For the time being his dearest wish was fulfilled. He was exempt and could pretend there was no war on. At the beginning of 1942 he returned to his beloved Oxford free of the shadow which had haunted him. He moved with Philip Brown, who as a medical student was in an exempt category, into 125 Walton Street, not quite an attic, but a large, first-floor room with a piano,
42
and they became a homosocial couple, ‘the two Philips’ or ‘big Philip and little Philip’. Brown gave Larkin a copy of Housman’s
A Shropshire Lad
. He recalled in 1991: ‘Philip may have been in love with me [. . .] there were a few messy encounters between us, yes. Nothing much. Philip’s sexuality was so obscured by his manner of approach and his general diffidence that frankly I would be surprised to hear that he ever had sex with anyone.’
43
Larkin’s ‘crush’ on him, he recalled, did not lead to ‘any serious action. Besides, I was extremely interested in girls. And so was he.’
44
Larkin wrote in ‘Biographical Details’: ‘We were all still very childish about sex.’ But though Larkin lacked experience he adopted an assured attitude towards sexual matters in his writing. In a letter of 16 May 1942 he wrote to his mother: ‘Tell Pop that a friend has found an unexpurgated version of “Lady Chatterley’s Lover” behind the bookcases in his digs. I am impatiently waiting for him (and his wife) to finish it.’ It is difficult to imagine many other nineteen-year-olds making such a joke to their parents at this period.

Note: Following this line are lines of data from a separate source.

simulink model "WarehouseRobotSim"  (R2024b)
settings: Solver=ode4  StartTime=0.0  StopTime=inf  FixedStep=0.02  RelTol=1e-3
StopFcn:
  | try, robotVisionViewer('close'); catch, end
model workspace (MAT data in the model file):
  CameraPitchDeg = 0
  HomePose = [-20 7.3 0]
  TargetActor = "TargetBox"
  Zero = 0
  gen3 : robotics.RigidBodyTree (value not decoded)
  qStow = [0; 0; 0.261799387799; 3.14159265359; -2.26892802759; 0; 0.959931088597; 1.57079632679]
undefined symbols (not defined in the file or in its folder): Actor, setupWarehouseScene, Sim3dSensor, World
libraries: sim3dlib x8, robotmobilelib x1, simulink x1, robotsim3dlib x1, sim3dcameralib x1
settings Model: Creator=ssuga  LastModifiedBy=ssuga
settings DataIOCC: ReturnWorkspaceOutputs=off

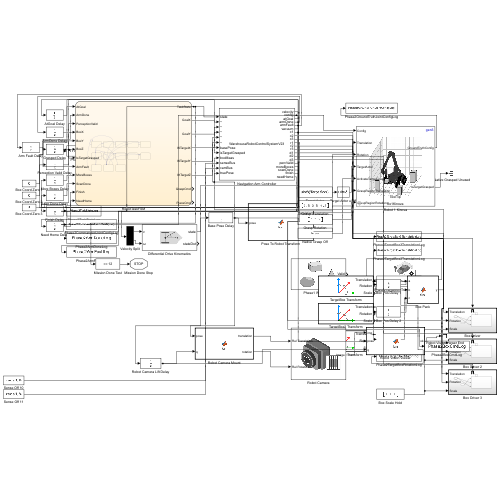
[thumbnail: Simulink's stored preview of the top-level diagram]
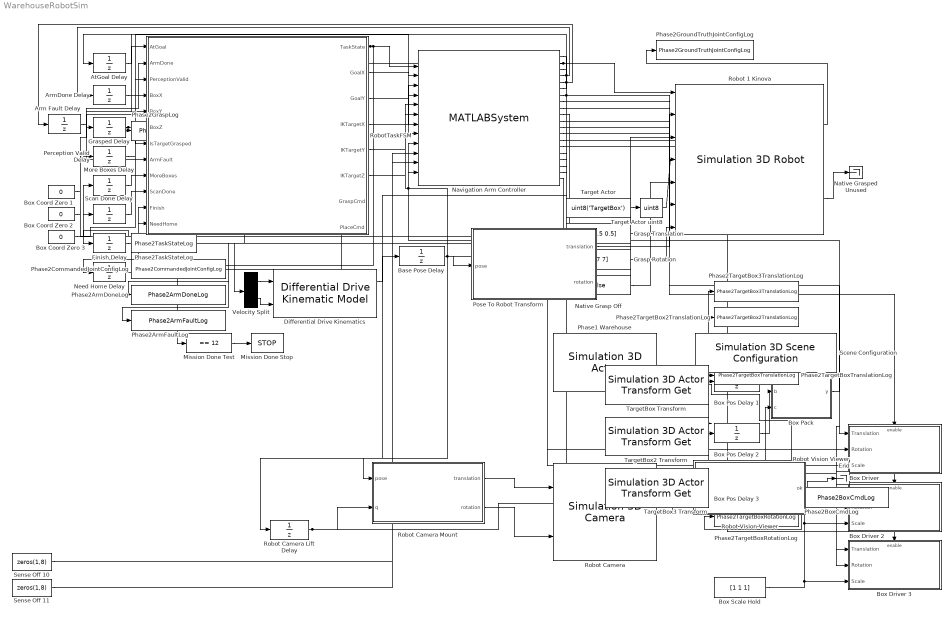
== system WarehouseRobotSim ==
  Arm Fault Delay : UnitDelay  InitialCondition=false  SampleTime=0.02  HasFrameUpgradeWarning=on
  ArmDone Delay : UnitDelay  InitialCondition=false  SampleTime=0.02  HasFrameUpgradeWarning=on
  AtGoal Delay : UnitDelay  InitialCondition=false  SampleTime=0.02  HasFrameUpgradeWarning=on
  Base Pose Delay : UnitDelay  InitialCondition=HomePose  SampleTime=0.02  HasFrameUpgradeWarning=on
  Box Coord Zero 1 : Constant  Value=0  OutDataTypeStr=double
  Box Coord Zero 2 : Constant  Value=0  OutDataTypeStr=double
  Box Coord Zero 3 : Constant  Value=0  OutDataTypeStr=double
  Box Driver : Subsystem  TreatAsAtomicUnit=on
  Box Driver 2 : Subsystem  TreatAsAtomicUnit=on
  Box Driver 3 : Subsystem  TreatAsAtomicUnit=on
  Box Pack : MATLAB Function  TreatAsAtomicUnit=on
  Box Pos Delay 1 : UnitDelay  InitialCondition=[13.225 -46.0555555555556 0.53]  SampleTime=0.02  HasFrameUpgradeWarning=on
  Box Pos Delay 2 : UnitDelay  InitialCondition=[1.725 -43.3214285714286 1.43]  SampleTime=0.02  HasFrameUpgradeWarning=on
  Box Pos Delay 3 : UnitDelay  InitialCondition=[-9.775 -43.3214285714286 2.33]  SampleTime=0.02  HasFrameUpgradeWarning=on
  Box Scale Hold : Constant  Value=[1 1 1]  VectorParams1D=off  OutDataTypeStr=double
  Differential Drive Kinematics : robotmobilelib/Differential Drive Kinematic Model  VehicleInputs=Vehicle Speed & Heading Angular Velocity  WheelRadius=0.05  WheelSpeedRange=[-inf inf]  TrackWidth=0.2  InitialState=HomePose  SimulateUsing=Interpreted execution
  Finish Delay : UnitDelay  InitialCondition=false  SampleTime=0.02  HasFrameUpgradeWarning=on
  Grasp Rotation : Constant  Value=[7 7 7]
  Grasp Translation : Constant  Value=[0.5 0.5 0.5]
  Grasped Delay : UnitDelay  InitialCondition=false  SampleTime=0.02  HasFrameUpgradeWarning=on
  Mission Done Stop : Stop
  Mission Done Test : simulink/Logic and Bit Operations/Compare To Constant  relop===  const=12  OutDataTypeStr=boolean
  More Boxes Delay : UnitDelay  InitialCondition=false  SampleTime=0.02  HasFrameUpgradeWarning=on
  Native Grasp Off : Constant  Value=false  OutDataTypeStr=boolean
  Native Grasped Unused : Terminator
  Navigation Arm Controller : MATLABSystem  System=WarehouseRobotControlSystemV23  SampleTime=0.02  RobotId=0  SimulateUsing=Interpreted execution
      mask Type: WarehouseRobotControlSystemV23
      mask Display:
      | disp('WarehouseRobotControlSystemV23');
      | port_label('input',1,'state');
      | port_label('input',2,'~');
      | port_label('input',3,'~');
      | port_label('input',4,'~');
      | port_label('input',5,'~');
      | port_label('input',6,'~');
      | port_label('input',7,'basePose');
      | port_label('input',8,'isTargetGrasped');
      | port_label('input',9,'boxMeas');
      | port_label('input',10,'senseBus');
      | port_label('input',11,'camBus');
      | port_label('input',12,'truePose');
      | port_label('output',1,'velocity');
      | port_label('output',2,'config');
      | port_label('output',3,'atGoal');
      | port_label('output',4,'armDone');
      | port_label('output',5,'armFault');
      | port_label('output',6,'vacuum');
      | port_label('output',7,'c1');
      | port_label('output',8,'c2');
      | port_label('output',9,'c3');
      | port_label('output',10,'r1');
      | port_label('output',11,'r2');
      | port_label('output',12,'r3');
      | port_label('output',13,'d1');
      | port_label('output',14,'d2');
      | port_label('output',15,'d3');
      | port_label('output',16,'percValid');
      | port_label('output',17,'moreBoxes');
      | port_label('output',18,'scanDone');
      | port_label('output',19,'finish');
      | port_label('output',20,'needHome');
  Need Home Delay : UnitDelay  InitialCondition=false  SampleTime=0.02  HasFrameUpgradeWarning=on
  Perception Valid Delay : UnitDelay  InitialCondition=false  SampleTime=0.02  HasFrameUpgradeWarning=on
  Phase1 Warehouse : sim3dlib/Simulation 3D Actor  Priority=1  ActorName=WarehouseRoot  ParentName=Scene Origin  Operation=Create at setup  InitScriptText=setupWarehouseScene(Actor,World);  SampleTime=-1  Translation=[0 0 0]  Rotation=[0 0 0]  Scale=[1 1 1]  aMode=aMode  ActorTag=WarehouseRoot  ActorType=Sim3dActor  ID=C
  Phase2ArmDoneLog : ToWorkspace  VariableName=Phase2ArmDoneLog  SaveFormat=Structure With Time  SampleTime=-1
  Phase2ArmFaultLog : ToWorkspace  VariableName=Phase2ArmFaultLog  SaveFormat=Structure With Time  SampleTime=-1
  Phase2BoxCmdLog : ToWorkspace  VariableName=Phase2BoxCmdLog  SaveFormat=Structure With Time  SampleTime=-1
  Phase2CommandedJointConfigLog : ToWorkspace  VariableName=Phase2CommandedJointConfigLog  SaveFormat=Structure With Time  SampleTime=-1
  Phase2GraspLog : ToWorkspace  VariableName=Phase2GraspLog  SaveFormat=Structure With Time  SampleTime=-1
  Phase2GroundTruthJointConfigLog : ToWorkspace  VariableName=Phase2GroundTruthJointConfigLog  SaveFormat=Structure With Time  SampleTime=-1
  Phase2TargetBox2TranslationLog : ToWorkspace  VariableName=Phase2TargetBox2TranslationLog  SaveFormat=Structure With Time  SampleTime=-1
  Phase2TargetBox3TranslationLog : ToWorkspace  VariableName=Phase2TargetBox3TranslationLog  SaveFormat=Structure With Time  SampleTime=-1
  Phase2TargetBoxRotationLog : ToWorkspace  VariableName=Phase2TargetBoxRotationLog  SaveFormat=Structure With Time  SampleTime=-1
  Phase2TargetBoxTranslationLog : ToWorkspace  VariableName=Phase2TargetBoxTranslationLog  SaveFormat=Structure With Time  SampleTime=-1
  Phase2TaskStateLog : ToWorkspace  VariableName=Phase2TaskStateLog  SaveFormat=Structure With Time  SampleTime=-1
  Pose To Robot Transform : MATLAB Function  TreatAsAtomicUnit=on
  Robot 1 Kinova : robotsim3dlib/Simulation 3D Robot  Priority=2  actorInputType=RigidBodyTree Object  RigidBodyTree=gen3  ActorName=Ro1Kinova  existActorChekBox=off  initialTrans=[0 0 0]  initialRot=[0 0 0]  initialConfig=qStow  EndEffector=ToolTip  eeOffsetInpChekBox=off  eeTargetTrans=[-0.04 0 0.245]  eeTargetRot=[0 1.2217 3.1416]  enableRegionGraspChekBox=on  regionGraspInpChekBox=on  eeTargTransDiff=[0.2 0.2 0.2]  eeTargRotDiff=[0 0 0]  inpConfEnbVal=on  inpGraspEnbVal=on  inpTransEnbVal=on  outConfEnbVal=on  outGraspEnbVal=on  outTransEnbVal=off  SampleTime=0.02  ActorType=SimulinkVehicle  ID=C  aMode=6  ActorTag=Ro1Kinova  Mesh=RigidBodyTree
  Robot Camera : sim3dcameralib/Simulation 3D Camera  Priority=1  sensorTag=Sim3dSensor�  sensorId=1  sensorName=Sim3dSensor�  vehTagList={'<empty>';'Ro1Kinova';'Scene Origin';'WarehouseRoot'}  vehTag=Scene Origin  mountLoc=Origin  offsetFlag=on  tmountOffset=[0, 0, 0]  extTmount=on  rmountOffset=[0, 0, 0]  extRmount=on  FocalLength=[300 300]  OpticalCenter=[320 240]  ImageSize=[480 640]  RadialDistortion=[0, 0]  TangentialDistortion=[0, 0]  SensorSkew=0  DepthOutportEnabled=off  SemanticOutportEnabled=off  TransformOutportEnabled=off  SampleTime=0.1  mountPoint=[0 0 0]  mountOrientation=[0 0 0]  aMode=aMode  ID=1
  Robot Camera Lift Delay : UnitDelay  InitialCondition=zeros(8,1)  SampleTime=0.02  HasFrameUpgradeWarning=on
  Robot Camera Mount : MATLAB Function  TreatAsAtomicUnit=on
  Robot Vision Viewer : MATLAB Function  TreatAsAtomicUnit=on
  Robot Vision Viewer End : Terminator
  RobotTaskFSM : Stateflow chart  TreatAsAtomicUnit=on
  Scan Done Delay : UnitDelay  InitialCondition=false  SampleTime=0.02  HasFrameUpgradeWarning=on
  Scene Configuration : sim3dlib/Simulation 3D Scene Configuration  Priority=0  ProjectFormat=Default Scenes  SceneDesc=Empty scene  ProjectName=C:\Program Files\MATLAB\R2024b\toolbox\shared\sim3d_projects\automotive_project_windows\UE\WindowsNoEditor\VehicleSimulation.exe  ScenePath=/Game/Maps/HwStrght  EnableOpenDRIVE=off  vehTagList={'Scene Origin'}  vehTag=Scene Origin  FreeCameraInitialTranslation=[0, 0, 0]  FreeCameraDefaultInitialTranslation=[-6, 0, 2]  FreeCameraInitialRotation=[0, 0, 0]  FreeCameraDefaultInitialRotation=[0, -15, 0]  OpVisEn=off  Ts=0.02  EnableWindow=on  EnableRemoteAccess=off  EnableWeather=off  SunAzimuth=90  SunAltitude=40.0  EnableGeospatialSun=off  Latitude=0  Longitude=0  Date=2023-01-01  Time=10:30:00  GeoTimeZone=-5.0  SunDaylightSaving=off  wind=1  clouds=10  EnableVolumetricClouds=off  CloudCoverage=0  CloudAltitude=6  fog=0  rain=0  RaindropsEffect=off  SnowDensity=0  EnableGeospatial=off  UseTrueOrigin=off  OriginHeight=200  OriginLatitude=40.744652  OriginLongitude=-73.988864  MapStyle=Aerial  AdditionalAssetIDs=[]  UseAdvancedSunSky=off  SolarTime=11  TimeZone=-5  Day=21  Month=9  Year=2022  UseDaylightSavingTime=on  DSTStartDay=10  DSTStartMonth=3  DSTEndDay=3  DSTEndMonth=11  DSTSwitchHour=2  sensorTag=MainCamera1  sensorId=1  sensorName=MainCamera1  mountLoc=Origin  offsetFlag=off  tmountOffset=[0, 0, 0]  rmountOffset=[0, 0, 0]  HorizontalResolution=1280  VerticalResolution=720  HorizontalFOV=60  mountPoint=[0 0 0]  mountOrientation=[0 0 0]  aMode=aMode  ID=1  GeoTrigger=Inactive
  Sense Off 10 : Constant  Value=zeros(1,8)  VectorParams1D=off  OutDataTypeStr=double
  Sense Off 11 : Constant  Value=zeros(1,8)  VectorParams1D=off  OutDataTypeStr=double
  Target Actor : Constant  Value=uint8('TargetBox')  OutDataTypeStr=uint8
  Target Actor uint8 : DataTypeConversion  OutDataTypeStr=uint8  SaturateOnIntegerOverflow=off  RndMeth=Floor
  TargetBox Transform : sim3dlib/Simulation 3D Actor Transform Get  Priority=1  ActorTag=TargetBox  NumberOfParts=1  CustNumOfParts=3  Ts=-1  aMode=aMode
  TargetBox2 Transform : sim3dlib/Simulation 3D Actor Transform Get  Priority=1  ActorTag=TargetBox2  NumberOfParts=1  CustNumOfParts=3  Ts=-1  aMode=aMode
  TargetBox3 Transform : sim3dlib/Simulation 3D Actor Transform Get  Priority=1  ActorTag=TargetBox3  NumberOfParts=1  CustNumOfParts=3  Ts=-1  aMode=aMode
  Velocity Split : Demux  Outputs=2
  wires:
  Navigation Arm Controller/3 -> AtGoal Delay/1
  AtGoal Delay/1 -> RobotTaskFSM/1(AtGoal)
  Navigation Arm Controller/4 -> ArmDone Delay/1, Phase2ArmDoneLog/1
  ArmDone Delay/1 -> RobotTaskFSM/2(ArmDone)
  Navigation Arm Controller/5 -> Arm Fault Delay/1, Phase2ArmFaultLog/1
  Arm Fault Delay/1 -> RobotTaskFSM/8(ArmFault)
  Navigation Arm Controller/16 -> Perception Valid Delay/1
  Perception Valid Delay/1 -> RobotTaskFSM/3(PerceptionValid)
  Navigation Arm Controller/17 -> More Boxes Delay/1
  More Boxes Delay/1 -> RobotTaskFSM/9(MoreBoxes)
  Navigation Arm Controller/18 -> Scan Done Delay/1
  Scan Done Delay/1 -> RobotTaskFSM/10(ScanDone)
  Navigation Arm Controller/19 -> Finish Delay/1
  Finish Delay/1 -> RobotTaskFSM/11(Finish)
  Navigation Arm Controller/20 -> Need Home Delay/1
  Need Home Delay/1 -> RobotTaskFSM/12(NeedHome)
  Box Coord Zero 1/1 -> RobotTaskFSM/4(BoxX)
  Box Coord Zero 2/1 -> RobotTaskFSM/5(BoxY)
  Box Coord Zero 3/1 -> RobotTaskFSM/6(BoxZ)
  Navigation Arm Controller/6 -> Grasped Delay/1
  Grasped Delay/1 -> RobotTaskFSM/7(IsTargetGrasped), Navigation Arm Controller/8, Phase2GraspLog/1
  TargetBox Transform/1 -> Box Pos Delay 1/1, Phase2TargetBoxTranslationLog/1
  Box Pos Delay 1/1 -> Box Pack/1(a)
  Navigation Arm Controller/7 -> Box Driver/1(Translation), Phase2BoxCmdLog/1
  Navigation Arm Controller/10 -> Box Driver/2(Rotation)
  Box Scale Hold/1 -> Box Driver/3(Scale), Box Driver 2/3(Scale), Box Driver 3/3(Scale)
  Navigation Arm Controller/13 -> Box Driver/Enable
  TargetBox2 Transform/1 -> Box Pos Delay 2/1, Phase2TargetBox2TranslationLog/1
  Box Pos Delay 2/1 -> Box Pack/2(b)
  Navigation Arm Controller/8 -> Box Driver 2/1(Translation)
  Navigation Arm Controller/11 -> Box Driver 2/2(Rotation)
  Navigation Arm Controller/14 -> Box Driver 2/Enable
  TargetBox3 Transform/1 -> Box Pos Delay 3/1, Phase2TargetBox3TranslationLog/1
  Box Pos Delay 3/1 -> Box Pack/3(c)
  Navigation Arm Controller/9 -> Box Driver 3/1(Translation)
  Navigation Arm Controller/12 -> Box Driver 3/2(Rotation)
  Navigation Arm Controller/15 -> Box Driver 3/Enable
  Box Pack/1(y) -> Navigation Arm Controller/9
  Robot 1 Kinova/2 -> Native Grasped Unused/1
  RobotTaskFSM/1(TaskState) -> Mission Done Test/1, Navigation Arm Controller/1, Phase2TaskStateLog/1
  Mission Done Test/1 -> Mission Done Stop/1
  TargetBox Transform/2 -> Phase2TargetBoxRotationLog/1
  Navigation Arm Controller/2 -> Phase2CommandedJointConfigLog/1, Robot 1 Kinova/1, Robot Camera Lift Delay/1
  Robot 1 Kinova/1 -> Phase2GroundTruthJointConfigLog/1
  RobotTaskFSM/2(GoalX) -> Navigation Arm Controller/2
  RobotTaskFSM/3(GoalY) -> Navigation Arm Controller/3
  RobotTaskFSM/4(IKTargetX) -> Navigation Arm Controller/4
  RobotTaskFSM/5(IKTargetY) -> Navigation Arm Controller/5
  RobotTaskFSM/6(IKTargetZ) -> Navigation Arm Controller/6
  Base Pose Delay/1 -> Navigation Arm Controller/7, Navigation Arm Controller/12, Pose To Robot Transform/1(pose), Robot Camera Mount/1(pose), Robot Vision Viewer/2(pose)
  Sense Off 10/1 -> Navigation Arm Controller/10
  Sense Off 11/1 -> Navigation Arm Controller/11
  Navigation Arm Controller/1 -> Velocity Split/1
  Velocity Split/1 -> Differential Drive Kinematics/1
  Velocity Split/2 -> Differential Drive Kinematics/2
  Differential Drive Kinematics/1 -> Base Pose Delay/1
  Target Actor/1 -> Target Actor uint8/1
  Pose To Robot Transform/1(translation) -> Robot 1 Kinova/2
  Pose To Robot Transform/2(rotation) -> Robot 1 Kinova/3
  Target Actor uint8/1 -> Robot 1 Kinova/4
  Native Grasp Off/1 -> Robot 1 Kinova/5
  Grasp Translation/1 -> Robot 1 Kinova/6
  Grasp Rotation/1 -> Robot 1 Kinova/7
  Robot Camera Lift Delay/1 -> Robot Camera Mount/2(q), Robot Vision Viewer/3(q)
  Robot Camera Mount/1(translation) -> Robot Camera/1
  Robot Camera Mount/2(rotation) -> Robot Camera/2
  Robot Camera/1 -> Robot Vision Viewer/1(img)
  Robot Vision Viewer/1(ok) -> Robot Vision Viewer End/1

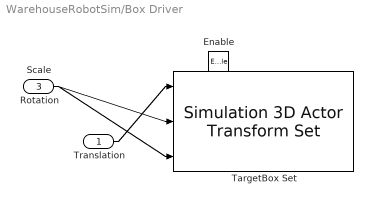
== system WarehouseRobotSim/Box Driver ==
  Translation : Inport
  Rotation : Inport  Port=2
  Scale : Inport  Port=3
  Enable : EnablePort
  TargetBox Set : sim3dlib/Simulation 3D Actor Transform Set  Priority=1  ActorTag=TargetBox  NumberOfParts=1  CustNumOfParts=3  Translation=[0 0 0]  Rotation=[0 0 0]  Scale=[1 1 1]  Ts=-1  aMode=aMode
  wires:
  Translation/1 -> TargetBox Set/1
  Rotation/1 -> TargetBox Set/2
  Scale/1 -> TargetBox Set/3

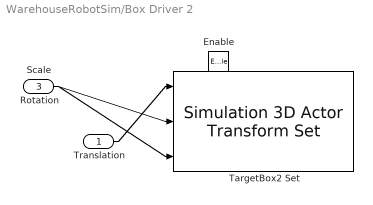
== system WarehouseRobotSim/Box Driver 2 ==
  Translation : Inport
  Rotation : Inport  Port=2
  Scale : Inport  Port=3
  Enable : EnablePort
  TargetBox2 Set : sim3dlib/Simulation 3D Actor Transform Set  Priority=1  ActorTag=TargetBox2  NumberOfParts=1  CustNumOfParts=3  Translation=[0 0 0]  Rotation=[0 0 0]  Scale=[1 1 1]  Ts=-1  aMode=aMode
  wires:
  Translation/1 -> TargetBox2 Set/1
  Rotation/1 -> TargetBox2 Set/2
  Scale/1 -> TargetBox2 Set/3

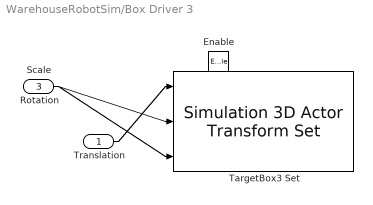
== system WarehouseRobotSim/Box Driver 3 ==
  Translation : Inport
  Rotation : Inport  Port=2
  Scale : Inport  Port=3
  Enable : EnablePort
  TargetBox3 Set : sim3dlib/Simulation 3D Actor Transform Set  Priority=1  ActorTag=TargetBox3  NumberOfParts=1  CustNumOfParts=3  Translation=[0 0 0]  Rotation=[0 0 0]  Scale=[1 1 1]  Ts=-1  aMode=aMode
  wires:
  Translation/1 -> TargetBox3 Set/1
  Rotation/1 -> TargetBox3 Set/2
  Scale/1 -> TargetBox3 Set/3

== matlab function WarehouseRobotSim/Pose To Robot Transform ==
  data: pose input; translation output; rotation output
function [translation,rotation] = fcn(pose)
% Simulation 3D expects 1-by-3 world-frame row vectors.
translation = [pose(1), pose(2), 0];
% Robot uses [yaw pitch roll]; yaw must be the first component.
rotation = [pose(3), 0, 0];

== matlab function WarehouseRobotSim/Robot Vision Viewer ==
  data: img input; ok output; pose input; q input
function ok = fcn(img,pose,q)
coder.extrinsic('robotVisionViewer');
robotVisionViewer(img,pose,q,false);
ok=uint8(0);

== matlab function WarehouseRobotSim/Box Pack ==
  data: a input; y output; b input; c input
function y = fcn(a,b,c)
% Three 1x3 carton positions (Unreal frame) -> one 1x9 controller input.
y = [a b c];

== matlab function WarehouseRobotSim/Robot Camera Mount ==
  data: pose input; translation output; q input; rotation output
function [translation,rotation] = fcn(pose,q)
% Right-handed world, yaw counter-clockwise: same heading the Robot block uses (pose(3)).
yaw=pose(3); c=cos(yaw); s=sin(yaw);
f=0.2; l=0; z=1.37+q(1);
translation=[pose(1)+f*c-l*s pose(2)+f*s+l*c z];
rotation=[0 22 1*yaw*180/pi];

== stateflow chart WarehouseRobotSim/RobotTaskFSM ==
  settings: updateMethod=DISCRETE  sampleTime=0.02
  state IDLE
    en: TaskState=uint8(0); GoalX=-20.0000; GoalY=7.3000; GraspCmd=false; PlaceCmd=false;
  state NAV_TO_STAGING
    en: TaskState=uint8(1); GoalX=15.5000; GoalY=46.0556; GraspCmd=false; PlaceCmd=false;
  state DOCK_SHELF
    en: TaskState=uint8(10); GoalX=14.1900; GoalY=46.0556; IKTargetX=BoxX; IKTargetY=BoxY; IKTargetZ=BoxZ; GraspCmd=false; PlaceCmd=false;
  state ARM_EXTEND
    en: TaskState=uint8(2); IKTargetX=BoxX; IKTargetY=BoxY; IKTargetZ=BoxZ; GraspCmd=false;
  state GRASP
    en: TaskState=uint8(3); GraspCmd=true; PlaceCmd=false;
  state ARM_RETRACT
    en: TaskState=uint8(4); GraspCmd=true; PlaceCmd=false;
  state NAV_TO_TABLE
    en: TaskState=uint8(5); GoalX=18.5000; GoalY=65.1000; GraspCmd=true;
  state ARM_PLACE
    en: TaskState=uint8(6); IKTargetX=18.5000; IKTargetY=65.9700; IKTargetZ=1.0700; GraspCmd=true;
  state RELEASE
    en: TaskState=uint8(8); GraspCmd=false; PlaceCmd=true;
  state ARM_STOW
    en: TaskState=uint8(9); GraspCmd=false; PlaceCmd=false;
  state RETURN_HOME
    en: TaskState=uint8(7); GoalX=-20.0000; GoalY=7.3000; GraspCmd=false;
  state FAULT_HOLD
    en: TaskState=uint8(11); GraspCmd=false; PlaceCmd=false;
  state MISSION_DONE
    en: TaskState=uint8(12); GoalX=-20.0000; GoalY=7.3000; GraspCmd=false; PlaceCmd=false;
  NAV_TO_STAGING -> IDLE [order 2] : [AtGoal && ScanDone && ~PerceptionValid]
  RETURN_HOME -> IDLE : [AtGoal || MoreBoxes]
  (default) -> IDLE
  GRASP -> ARM_RETRACT [order 2] : [ArmDone && IsTargetGrasped]
  DOCK_SHELF -> FAULT_HOLD [order 2] : [ArmFault]
  ARM_EXTEND -> FAULT_HOLD [order 1] : [ArmFault]
  GRASP -> FAULT_HOLD [order 1] : [ArmFault]
  IDLE -> NAV_TO_STAGING [order 1] : after(1,sec)[MoreBoxes]
  NAV_TO_STAGING -> DOCK_SHELF [order 1] : [AtGoal && ScanDone && PerceptionValid]
  DOCK_SHELF -> ARM_EXTEND [order 1] : [AtGoal && ArmDone]
  ARM_EXTEND -> GRASP [order 2] : [ArmDone]
  IDLE -> MISSION_DONE [order 3] : after(2,sec)[~MoreBoxes && Finish && ~NeedHome]
  IDLE -> RETURN_HOME [order 2] : after(1,sec)[~MoreBoxes && NeedHome]
  FAULT_HOLD -> ARM_RETRACT [order 1] : [~ArmFault && IsTargetGrasped]
  ARM_RETRACT -> NAV_TO_TABLE [order 2] : [ArmDone]
  ARM_STOW -> RETURN_HOME : [ArmDone]
  NAV_TO_TABLE -> ARM_PLACE : [AtGoal]
  ARM_PLACE -> FAULT_HOLD [order 1] : [ArmFault]
  ARM_PLACE -> RELEASE [order 2] : [ArmDone]
  FAULT_HOLD -> ARM_STOW [order 2] : [~ArmFault && ~IsTargetGrasped]
  RELEASE -> ARM_STOW [order 1] : [~IsTargetGrasped]
  RELEASE -> ARM_STOW [order 2] : after(1,sec)
  ARM_RETRACT -> FAULT_HOLD [order 1] : [ArmFault]
  data: AtGoal input boolean; ArmDone input boolean; PerceptionValid input boolean; BoxX input double; BoxY input double; BoxZ input double; IsTargetGrasped input boolean; ArmFault input boolean; MoreBoxes input boolean; ScanDone input boolean; Finish input boolean; NeedHome input boolean; TaskState output uint8; GoalX output double; GoalY output double; IKTargetX output double; IKTargetY output double; IKTargetZ output double; GraspCmd output boolean; PlaceCmd output boolean

Around this time both Larkin and Amis were paying court to a Czech student. Kingsley, Philip wrote, was attempting ‘to ensnare Chitra by a reformed-pervert appeal’. He goes on to describe her: ‘striking, with a comical head of black hair and scarlet lips. One couldn’t call her beautiful – anyway she would probably regard beauty as being slightly bourgeois – but she had a good figure and was decidedly attractive. She was, however, a full time party-line girl. She was known to interrupt kisses to say: Remember, the party comes first.’
45
While Amis invented strategies to cajole Chitra into bed, Larkin explored his feelings for her: ‘In a drunken fit of bravado I asked her to tea, and she came. We ate toast and marmalade and she told me I was decadent. Nothing else happened. My ventures with women had up to this time been continually depressing, but I liked her and I still do – not that I ever did anything about it. She did not ask me back.’
46
Without ‘doing anything about it’ he finds that he ‘likes’ her, and attributes her lack of response to his own inadequacies rather than to any failure on her part.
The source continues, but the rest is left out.